I laughed at the silicone glue brush when it first came out. Then I read where some people were very impressed with how well it worked. I finally broke down and bought one for myself to see what all the fuss was about. I now think that the silicone glue brush is a great product, a "home run" in my opinion. That being said, I don't buy a lot of Rockler products. They don't have a "brick and mortar" in my area and the shipping costs are a killer, so it is somewhat cost prohibitive in my case.

Steven


----------



## nwbusa (Feb 21, 2012)

Their silicone glue brush is awesome.


----------



## ChuckC (May 13, 2010)

They stand by their products too. I've had a couple of issues with Rockler-branded products and they were quick to send me a new one.

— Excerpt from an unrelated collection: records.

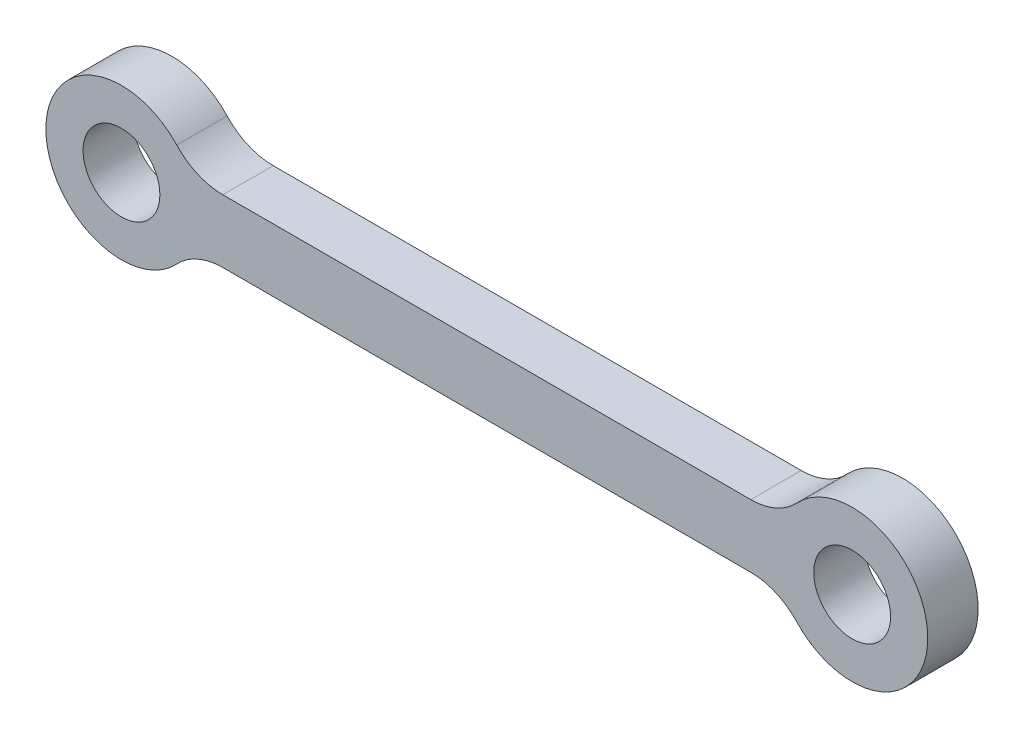
ISO-10303-21;
HEADER;
FILE_DESCRIPTION(('STEP AP214'),'2;1');
FILE_NAME('part.step','',(''),(''),'','','');
FILE_SCHEMA(('AUTOMOTIVE_DESIGN { 1 0 10303 214 1 1 1 1 }'));
ENDSEC;
DATA;
#1=APPLICATION_CONTEXT('core data for automotive mechanical design processes');
#2=APPLICATION_PROTOCOL_DEFINITION('international standard','automotive_design',2000,#1);
#3=PRODUCT_CONTEXT('',#1,'mechanical');
#4=PRODUCT('Part','Part','',(#3));
#5=PRODUCT_RELATED_PRODUCT_CATEGORY('part','',(#4));
#6=PRODUCT_DEFINITION_FORMATION('','',#4);
#7=PRODUCT_DEFINITION_CONTEXT('part definition',#1,'design');
#8=PRODUCT_DEFINITION('design','',#6,#7);
#9=PRODUCT_DEFINITION_SHAPE('','',#8);
#10=(LENGTH_UNIT() NAMED_UNIT(*) SI_UNIT(.MILLI.,.METRE.));
#11=(NAMED_UNIT(*) PLANE_ANGLE_UNIT() SI_UNIT($,.RADIAN.));
#12=(NAMED_UNIT(*) SI_UNIT($,.STERADIAN.) SOLID_ANGLE_UNIT());
#13=UNCERTAINTY_MEASURE_WITH_UNIT(LENGTH_MEASURE(1.E-05),#10,'distance_accuracy_value','');
#14=(GEOMETRIC_REPRESENTATION_CONTEXT(3) GLOBAL_UNCERTAINTY_ASSIGNED_CONTEXT((#13)) GLOBAL_UNIT_ASSIGNED_CONTEXT((#10,
#11,#12)) REPRESENTATION_CONTEXT('',''));
#15=CARTESIAN_POINT('',(0.,0.,0.));
#16=DIRECTION('',(0.,0.,1.));
#17=DIRECTION('',(1.,0.,0.));
#18=AXIS2_PLACEMENT_3D('',#15,#16,#17);
#19=CARTESIAN_POINT('',(-29.,0.,2.));
#20=DIRECTION('',(0.,0.,-1.));
#21=DIRECTION('',(-1.,0.,0.));
#22=AXIS2_PLACEMENT_3D('',#19,#20,#21);
#23=PLANE('',#22);
#24=CARTESIAN_POINT('',(-29.,0.,2.));
#25=DIRECTION('',(0.,0.,1.));
#26=DIRECTION('',(1.,0.,0.));
#27=AXIS2_PLACEMENT_3D('',#24,#25,#26);
#28=CIRCLE('',#27,3.05);
#29=CARTESIAN_POINT('',(-25.95,0.,2.));
#30=VERTEX_POINT('',#29);
#31=EDGE_CURVE('E120',#30,#30,#28,.T.);
#32=ORIENTED_EDGE('',*,*,#31,.F.);
#33=EDGE_LOOP('',(#32));
#34=FACE_BOUND('',#33,.T.);
#35=CARTESIAN_POINT('',(29.,0.,2.));
#36=DIRECTION('',(0.,0.,1.));
#37=DIRECTION('',(1.,0.,0.));
#38=AXIS2_PLACEMENT_3D('',#35,#36,#37);
#39=CIRCLE('',#38,3.05);
#40=CARTESIAN_POINT('',(32.05,0.,2.));
#41=VERTEX_POINT('',#40);
#42=EDGE_CURVE('E149',#41,#41,#39,.T.);
#43=ORIENTED_EDGE('',*,*,#42,.F.);
#44=EDGE_LOOP('',(#43));
#45=FACE_BOUND('',#44,.T.);
#46=DIRECTION('',(1.,0.,0.));
#47=VECTOR('',#46,1.);
#48=CARTESIAN_POINT('',(0.,2.5,2.));
#49=LINE('',#48,#47);
#50=CARTESIAN_POINT('',(-20.9532615302845,2.5,2.));
#51=VERTEX_POINT('',#50);
#52=CARTESIAN_POINT('',(20.9532615302845,2.5,2.));
#53=VERTEX_POINT('',#52);
#54=EDGE_CURVE('E141',#51,#53,#49,.T.);
#55=ORIENTED_EDGE('',*,*,#54,.F.);
#56=CARTESIAN_POINT('',(-20.9532615302845,7.5,2.));
#57=DIRECTION('',(0.,0.,-1.));
#58=DIRECTION('',(-1.,0.,0.));
#59=AXIS2_PLACEMENT_3D('',#56,#57,#58);
#60=CIRCLE('',#59,5.);
#61=CARTESIAN_POINT('',(-24.6108699256097,4.09090909090909,2.));
#62=VERTEX_POINT('',#61);
#63=EDGE_CURVE('E42',#51,#62,#60,.T.);
#64=ORIENTED_EDGE('',*,*,#63,.T.);
#65=CARTESIAN_POINT('',(-29.,0.,2.));
#66=DIRECTION('',(0.,0.,1.));
#67=DIRECTION('',(-1.,0.,0.));
#68=AXIS2_PLACEMENT_3D('',#65,#66,#67);
#69=CIRCLE('',#68,6.);
#70=CARTESIAN_POINT('',(-24.6108699256097,-4.09090909090909,2.));
#71=VERTEX_POINT('',#70);
#72=EDGE_CURVE('E106',#62,#71,#69,.T.);
#73=ORIENTED_EDGE('',*,*,#72,.T.);
#74=CARTESIAN_POINT('',(-20.9532615302845,-7.5,2.));
#75=DIRECTION('',(0.,0.,-1.));
#76=DIRECTION('',(-1.,0.,0.));
#77=AXIS2_PLACEMENT_3D('',#74,#75,#76);
#78=CIRCLE('',#77,5.);
#79=CARTESIAN_POINT('',(-20.9532615302845,-2.5,2.));
#80=VERTEX_POINT('',#79);
#81=EDGE_CURVE('E127',#71,#80,#78,.T.);
#82=ORIENTED_EDGE('',*,*,#81,.T.);
#83=DIRECTION('',(1.,0.,0.));
#84=VECTOR('',#83,1.);
#85=CARTESIAN_POINT('',(0.,-2.5,2.));
#86=LINE('',#85,#84);
#87=CARTESIAN_POINT('',(20.9532615302845,-2.5,2.));
#88=VERTEX_POINT('',#87);
#89=EDGE_CURVE('E143',#80,#88,#86,.T.);
#90=ORIENTED_EDGE('',*,*,#89,.T.);
#91=CARTESIAN_POINT('',(20.9532615302845,-7.5,2.));
#92=DIRECTION('',(0.,0.,-1.));
#93=DIRECTION('',(-1.,0.,0.));
#94=AXIS2_PLACEMENT_3D('',#91,#92,#93);
#95=CIRCLE('',#94,5.);
#96=CARTESIAN_POINT('',(24.6108699256097,-4.09090909090909,2.));
#97=VERTEX_POINT('',#96);
#98=EDGE_CURVE('E135',#88,#97,#95,.T.);
#99=ORIENTED_EDGE('',*,*,#98,.T.);
#100=CARTESIAN_POINT('',(29.,0.,2.));
#101=DIRECTION('',(0.,0.,1.));
#102=DIRECTION('',(1.,0.,0.));
#103=AXIS2_PLACEMENT_3D('',#100,#101,#102);
#104=CIRCLE('',#103,6.);
#105=CARTESIAN_POINT('',(24.6108699256097,4.0909090909091,2.));
#106=VERTEX_POINT('',#105);
#107=EDGE_CURVE('E160',#97,#106,#104,.T.);
#108=ORIENTED_EDGE('',*,*,#107,.T.);
#109=CARTESIAN_POINT('',(20.9532615302845,7.5,2.));
#110=DIRECTION('',(0.,0.,-1.));
#111=DIRECTION('',(-1.,0.,0.));
#112=AXIS2_PLACEMENT_3D('',#109,#110,#111);
#113=CIRCLE('',#112,5.);
#114=EDGE_CURVE('E49',#106,#53,#113,.T.);
#115=ORIENTED_EDGE('',*,*,#114,.T.);
#116=EDGE_LOOP('',(#55,#64,#73,#82,#90,#99,#108,#115));
#117=FACE_BOUND('',#116,.T.);
#118=ADVANCED_FACE('F34',(#34,#45,#117),#23,.F.);
#119=CARTESIAN_POINT('',(-29.,0.,-2.));
#120=DIRECTION('',(0.,0.,-1.));
#121=DIRECTION('',(-1.,0.,0.));
#122=AXIS2_PLACEMENT_3D('',#119,#120,#121);
#123=PLANE('',#122);
#124=CARTESIAN_POINT('',(-29.,0.,-2.));
#125=DIRECTION('',(0.,0.,1.));
#126=DIRECTION('',(1.,0.,0.));
#127=AXIS2_PLACEMENT_3D('',#124,#125,#126);
#128=CIRCLE('',#127,3.05);
#129=CARTESIAN_POINT('',(-25.95,0.,-2.));
#130=VERTEX_POINT('',#129);
#131=EDGE_CURVE('E152',#130,#130,#128,.T.);
#132=ORIENTED_EDGE('',*,*,#131,.T.);
#133=EDGE_LOOP('',(#132));
#134=FACE_BOUND('',#133,.T.);
#135=CARTESIAN_POINT('',(29.,0.,-2.));
#136=DIRECTION('',(0.,0.,1.));
#137=DIRECTION('',(1.,0.,0.));
#138=AXIS2_PLACEMENT_3D('',#135,#136,#137);
#139=CIRCLE('',#138,3.05);
#140=CARTESIAN_POINT('',(32.05,0.,-2.));
#141=VERTEX_POINT('',#140);
#142=EDGE_CURVE('E146',#141,#141,#139,.T.);
#143=ORIENTED_EDGE('',*,*,#142,.T.);
#144=EDGE_LOOP('',(#143));
#145=FACE_BOUND('',#144,.T.);
#146=CARTESIAN_POINT('',(29.,0.,-2.));
#147=DIRECTION('',(0.,0.,1.));
#148=DIRECTION('',(1.,0.,0.));
#149=AXIS2_PLACEMENT_3D('',#146,#147,#148);
#150=CIRCLE('',#149,6.);
#151=CARTESIAN_POINT('',(24.6108699256097,-4.09090909090909,-2.));
#152=VERTEX_POINT('',#151);
#153=CARTESIAN_POINT('',(24.6108699256097,4.0909090909091,-2.));
#154=VERTEX_POINT('',#153);
#155=EDGE_CURVE('E119',#152,#154,#150,.T.);
#156=ORIENTED_EDGE('',*,*,#155,.F.);
#157=CARTESIAN_POINT('',(20.9532615302845,-7.5,-2.));
#158=DIRECTION('',(0.,0.,-1.));
#159=DIRECTION('',(-1.,0.,0.));
#160=AXIS2_PLACEMENT_3D('',#157,#158,#159);
#161=CIRCLE('',#160,5.);
#162=CARTESIAN_POINT('',(20.9532615302845,-2.5,-2.));
#163=VERTEX_POINT('',#162);
#164=EDGE_CURVE('E137',#152,#163,#161,.F.);
#165=ORIENTED_EDGE('',*,*,#164,.T.);
#166=DIRECTION('',(-1.,0.,0.));
#167=VECTOR('',#166,1.);
#168=CARTESIAN_POINT('',(-29.,-2.5,-2.));
#169=LINE('',#168,#167);
#170=CARTESIAN_POINT('',(-20.9532615302845,-2.5,-2.));
#171=VERTEX_POINT('',#170);
#172=EDGE_CURVE('E109',#163,#171,#169,.T.);
#173=ORIENTED_EDGE('',*,*,#172,.T.);
#174=CARTESIAN_POINT('',(-20.9532615302845,-7.5,-2.));
#175=DIRECTION('',(0.,0.,-1.));
#176=DIRECTION('',(-1.,0.,0.));
#177=AXIS2_PLACEMENT_3D('',#174,#175,#176);
#178=CIRCLE('',#177,5.);
#179=CARTESIAN_POINT('',(-24.6108699256097,-4.09090909090909,-2.));
#180=VERTEX_POINT('',#179);
#181=EDGE_CURVE('E118',#171,#180,#178,.F.);
#182=ORIENTED_EDGE('',*,*,#181,.T.);
#183=CARTESIAN_POINT('',(-29.,0.,-2.));
#184=DIRECTION('',(0.,0.,1.));
#185=DIRECTION('',(-1.,0.,0.));
#186=AXIS2_PLACEMENT_3D('',#183,#184,#185);
#187=CIRCLE('',#186,6.);
#188=CARTESIAN_POINT('',(-24.6108699256097,4.09090909090909,-2.));
#189=VERTEX_POINT('',#188);
#190=EDGE_CURVE('E103',#189,#180,#187,.T.);
#191=ORIENTED_EDGE('',*,*,#190,.F.);
#192=CARTESIAN_POINT('',(-20.9532615302845,7.5,-2.));
#193=DIRECTION('',(0.,0.,-1.));
#194=DIRECTION('',(-1.,0.,0.));
#195=AXIS2_PLACEMENT_3D('',#192,#193,#194);
#196=CIRCLE('',#195,5.);
#197=CARTESIAN_POINT('',(-20.9532615302845,2.5,-2.));
#198=VERTEX_POINT('',#197);
#199=EDGE_CURVE('E11',#189,#198,#196,.F.);
#200=ORIENTED_EDGE('',*,*,#199,.T.);
#201=DIRECTION('',(-1.,0.,0.));
#202=VECTOR('',#201,1.);
#203=CARTESIAN_POINT('',(-29.,2.5,-2.));
#204=LINE('',#203,#202);
#205=CARTESIAN_POINT('',(20.9532615302845,2.5,-2.));
#206=VERTEX_POINT('',#205);
#207=EDGE_CURVE('E161',#206,#198,#204,.T.);
#208=ORIENTED_EDGE('',*,*,#207,.F.);
#209=CARTESIAN_POINT('',(20.9532615302845,7.5,-2.));
#210=DIRECTION('',(0.,0.,-1.));
#211=DIRECTION('',(-1.,0.,0.));
#212=AXIS2_PLACEMENT_3D('',#209,#210,#211);
#213=CIRCLE('',#212,5.);
#214=EDGE_CURVE('E140',#206,#154,#213,.F.);
#215=ORIENTED_EDGE('',*,*,#214,.T.);
#216=EDGE_LOOP('',(#156,#165,#173,#182,#191,#200,#208,#215));
#217=FACE_BOUND('',#216,.T.);
#218=ADVANCED_FACE('F113',(#134,#145,#217),#123,.T.);
#219=CARTESIAN_POINT('',(-29.,0.,2.));
#220=DIRECTION('',(0.,0.,-1.));
#221=DIRECTION('',(-1.,0.,0.));
#222=AXIS2_PLACEMENT_3D('',#219,#220,#221);
#223=CYLINDRICAL_SURFACE('',#222,6.);
#224=ORIENTED_EDGE('',*,*,#190,.T.);
#225=DIRECTION('',(0.,0.,-1.));
#226=VECTOR('',#225,1.);
#227=CARTESIAN_POINT('',(-24.6108699256097,-4.09090909090909,2.));
#228=LINE('',#227,#226);
#229=EDGE_CURVE('E108',#180,#71,#228,.F.);
#230=ORIENTED_EDGE('',*,*,#229,.T.);
#231=ORIENTED_EDGE('',*,*,#72,.F.);
#232=DIRECTION('',(0.,0.,-1.));
#233=VECTOR('',#232,1.);
#234=CARTESIAN_POINT('',(-24.6108699256097,4.09090909090909,2.));
#235=LINE('',#234,#233);
#236=EDGE_CURVE('E99',#62,#189,#235,.T.);
#237=ORIENTED_EDGE('',*,*,#236,.T.);
#238=EDGE_LOOP('',(#224,#230,#231,#237));
#239=FACE_BOUND('',#238,.T.);
#240=ADVANCED_FACE('F101',(#239),#223,.T.);
#241=CARTESIAN_POINT('',(29.,0.,2.));
#242=DIRECTION('',(0.,0.,-1.));
#243=DIRECTION('',(-1.,0.,0.));
#244=AXIS2_PLACEMENT_3D('',#241,#242,#243);
#245=CYLINDRICAL_SURFACE('',#244,6.);
#246=ORIENTED_EDGE('',*,*,#107,.F.);
#247=DIRECTION('',(0.,0.,-1.));
#248=VECTOR('',#247,1.);
#249=CARTESIAN_POINT('',(24.6108699256097,-4.09090909090909,2.));
#250=LINE('',#249,#248);
#251=EDGE_CURVE('E125',#97,#152,#250,.T.);
#252=ORIENTED_EDGE('',*,*,#251,.T.);
#253=ORIENTED_EDGE('',*,*,#155,.T.);
#254=DIRECTION('',(0.,0.,-1.));
#255=VECTOR('',#254,1.);
#256=CARTESIAN_POINT('',(24.6108699256097,4.0909090909091,2.));
#257=LINE('',#256,#255);
#258=EDGE_CURVE('E129',#154,#106,#257,.F.);
#259=ORIENTED_EDGE('',*,*,#258,.T.);
#260=EDGE_LOOP('',(#246,#252,#253,#259));
#261=FACE_BOUND('',#260,.T.);
#262=ADVANCED_FACE('F176',(#261),#245,.T.);
#263=CARTESIAN_POINT('',(-29.,0.,2.));
#264=DIRECTION('',(0.,0.,-1.));
#265=DIRECTION('',(-1.,0.,0.));
#266=AXIS2_PLACEMENT_3D('',#263,#264,#265);
#267=CYLINDRICAL_SURFACE('',#266,3.05);
#268=ORIENTED_EDGE('',*,*,#31,.T.);
#269=EDGE_LOOP('',(#268));
#270=FACE_BOUND('',#269,.T.);
#271=ORIENTED_EDGE('',*,*,#131,.F.);
#272=EDGE_LOOP('',(#271));
#273=FACE_BOUND('',#272,.T.);
#274=ADVANCED_FACE('F213',(#270,#273),#267,.F.);
#275=CARTESIAN_POINT('',(29.,0.,2.));
#276=DIRECTION('',(0.,0.,-1.));
#277=DIRECTION('',(-1.,0.,0.));
#278=AXIS2_PLACEMENT_3D('',#275,#276,#277);
#279=CYLINDRICAL_SURFACE('',#278,3.05);
#280=ORIENTED_EDGE('',*,*,#42,.T.);
#281=EDGE_LOOP('',(#280));
#282=FACE_BOUND('',#281,.T.);
#283=ORIENTED_EDGE('',*,*,#142,.F.);
#284=EDGE_LOOP('',(#283));
#285=FACE_BOUND('',#284,.T.);
#286=ADVANCED_FACE('F233',(#282,#285),#279,.F.);
#287=CARTESIAN_POINT('',(0.,2.5,-2.2));
#288=DIRECTION('',(0.,-1.,0.));
#289=DIRECTION('',(0.,0.,-1.));
#290=AXIS2_PLACEMENT_3D('',#287,#288,#289);
#291=PLANE('',#290);
#292=ORIENTED_EDGE('',*,*,#54,.T.);
#293=DIRECTION('',(0.,0.,1.));
#294=VECTOR('',#293,1.);
#295=CARTESIAN_POINT('',(20.9532615302845,2.5,-2.));
#296=LINE('',#295,#294);
#297=EDGE_CURVE('E124',#53,#206,#296,.F.);
#298=ORIENTED_EDGE('',*,*,#297,.T.);
#299=ORIENTED_EDGE('',*,*,#207,.T.);
#300=DIRECTION('',(0.,0.,1.));
#301=VECTOR('',#300,1.);
#302=CARTESIAN_POINT('',(-20.9532615302845,2.5,2.));
#303=LINE('',#302,#301);
#304=EDGE_CURVE('E122',#198,#51,#303,.T.);
#305=ORIENTED_EDGE('',*,*,#304,.T.);
#306=EDGE_LOOP('',(#292,#298,#299,#305));
#307=FACE_BOUND('',#306,.T.);
#308=ADVANCED_FACE('F199',(#307),#291,.F.);
#309=CARTESIAN_POINT('',(0.,-2.5,-2.2));
#310=DIRECTION('',(0.,-1.,0.));
#311=DIRECTION('',(0.,0.,-1.));
#312=AXIS2_PLACEMENT_3D('',#309,#310,#311);
#313=PLANE('',#312);
#314=ORIENTED_EDGE('',*,*,#89,.F.);
#315=DIRECTION('',(0.,0.,-1.));
#316=VECTOR('',#315,1.);
#317=CARTESIAN_POINT('',(-20.9532615302845,-2.5,-2.2));
#318=LINE('',#317,#316);
#319=EDGE_CURVE('E171',#80,#171,#318,.T.);
#320=ORIENTED_EDGE('',*,*,#319,.T.);
#321=ORIENTED_EDGE('',*,*,#172,.F.);
#322=DIRECTION('',(0.,0.,-1.));
#323=VECTOR('',#322,1.);
#324=CARTESIAN_POINT('',(20.9532615302845,-2.5,-2.2));
#325=LINE('',#324,#323);
#326=EDGE_CURVE('E168',#163,#88,#325,.F.);
#327=ORIENTED_EDGE('',*,*,#326,.T.);
#328=EDGE_LOOP('',(#314,#320,#321,#327));
#329=FACE_BOUND('',#328,.T.);
#330=ADVANCED_FACE('F187',(#329),#313,.T.);
#331=CARTESIAN_POINT('',(-20.9532615302845,-7.5,2.));
#332=DIRECTION('',(0.,0.,-1.));
#333=DIRECTION('',(-1.,0.,0.));
#334=AXIS2_PLACEMENT_3D('',#331,#332,#333);
#335=CYLINDRICAL_SURFACE('',#334,5.);
#336=ORIENTED_EDGE('',*,*,#181,.F.);
#337=ORIENTED_EDGE('',*,*,#319,.F.);
#338=ORIENTED_EDGE('',*,*,#81,.F.);
#339=ORIENTED_EDGE('',*,*,#229,.F.);
#340=EDGE_LOOP('',(#336,#337,#338,#339));
#341=FACE_BOUND('',#340,.T.);
#342=ADVANCED_FACE('F190',(#341),#335,.F.);
#343=CARTESIAN_POINT('',(20.9532615302845,-7.5,2.));
#344=DIRECTION('',(0.,0.,-1.));
#345=DIRECTION('',(-1.,0.,0.));
#346=AXIS2_PLACEMENT_3D('',#343,#344,#345);
#347=CYLINDRICAL_SURFACE('',#346,5.);
#348=ORIENTED_EDGE('',*,*,#164,.F.);
#349=ORIENTED_EDGE('',*,*,#251,.F.);
#350=ORIENTED_EDGE('',*,*,#98,.F.);
#351=ORIENTED_EDGE('',*,*,#326,.F.);
#352=EDGE_LOOP('',(#348,#349,#350,#351));
#353=FACE_BOUND('',#352,.T.);
#354=ADVANCED_FACE('F184',(#353),#347,.F.);
#355=CARTESIAN_POINT('',(20.9532615302845,7.5,2.));
#356=DIRECTION('',(0.,0.,-1.));
#357=DIRECTION('',(-1.,0.,0.));
#358=AXIS2_PLACEMENT_3D('',#355,#356,#357);
#359=CYLINDRICAL_SURFACE('',#358,5.);
#360=ORIENTED_EDGE('',*,*,#214,.F.);
#361=ORIENTED_EDGE('',*,*,#297,.F.);
#362=ORIENTED_EDGE('',*,*,#114,.F.);
#363=ORIENTED_EDGE('',*,*,#258,.F.);
#364=EDGE_LOOP('',(#360,#361,#362,#363));
#365=FACE_BOUND('',#364,.T.);
#366=ADVANCED_FACE('F197',(#365),#359,.F.);
#367=CARTESIAN_POINT('',(-20.9532615302845,7.5,2.));
#368=DIRECTION('',(0.,0.,-1.));
#369=DIRECTION('',(-1.,0.,0.));
#370=AXIS2_PLACEMENT_3D('',#367,#368,#369);
#371=CYLINDRICAL_SURFACE('',#370,5.);
#372=ORIENTED_EDGE('',*,*,#199,.F.);
#373=ORIENTED_EDGE('',*,*,#236,.F.);
#374=ORIENTED_EDGE('',*,*,#63,.F.);
#375=ORIENTED_EDGE('',*,*,#304,.F.);
#376=EDGE_LOOP('',(#372,#373,#374,#375));
#377=FACE_BOUND('',#376,.T.);
#378=ADVANCED_FACE('F36',(#377),#371,.F.);
#379=CLOSED_SHELL('',(#118,#218,#240,#262,#274,#286,#308,#330,#342,#354,#366,#378));
#380=MANIFOLD_SOLID_BREP('B2',#379);
#381=ADVANCED_BREP_SHAPE_REPRESENTATION('',(#18,#380),#14);
#382=SHAPE_DEFINITION_REPRESENTATION(#9,#381);
ENDSEC;
END-ISO-10303-21;

It would be nice if there was a Rockler near me.


----------



## stevepeterson (Dec 17, 2009)

I agree that they try to push their own items as the best thing ever. They are a bit like a late night infomercial.

I sprung for the silicon glue brush set once and don't really see the point. Sure, glue does not stick to it. However, the surface tension is so low and the glue separates into about a dozen tiny blobs that each need to be picked out. It is the same with the silicon glue tray. The only way I can see it working is if I waste a bunch of extra glue so that there is a huge blob and a chance that it will dry in one chunk. I went back to acid brushes and a small coffee can lid where the glue dries in one position. It is easy to peel off in one piece the next day. The acid brushes are good for several uses if I remember to rinse them. If not, I have 49 more that cost less than the price of one of Rockler's brushes.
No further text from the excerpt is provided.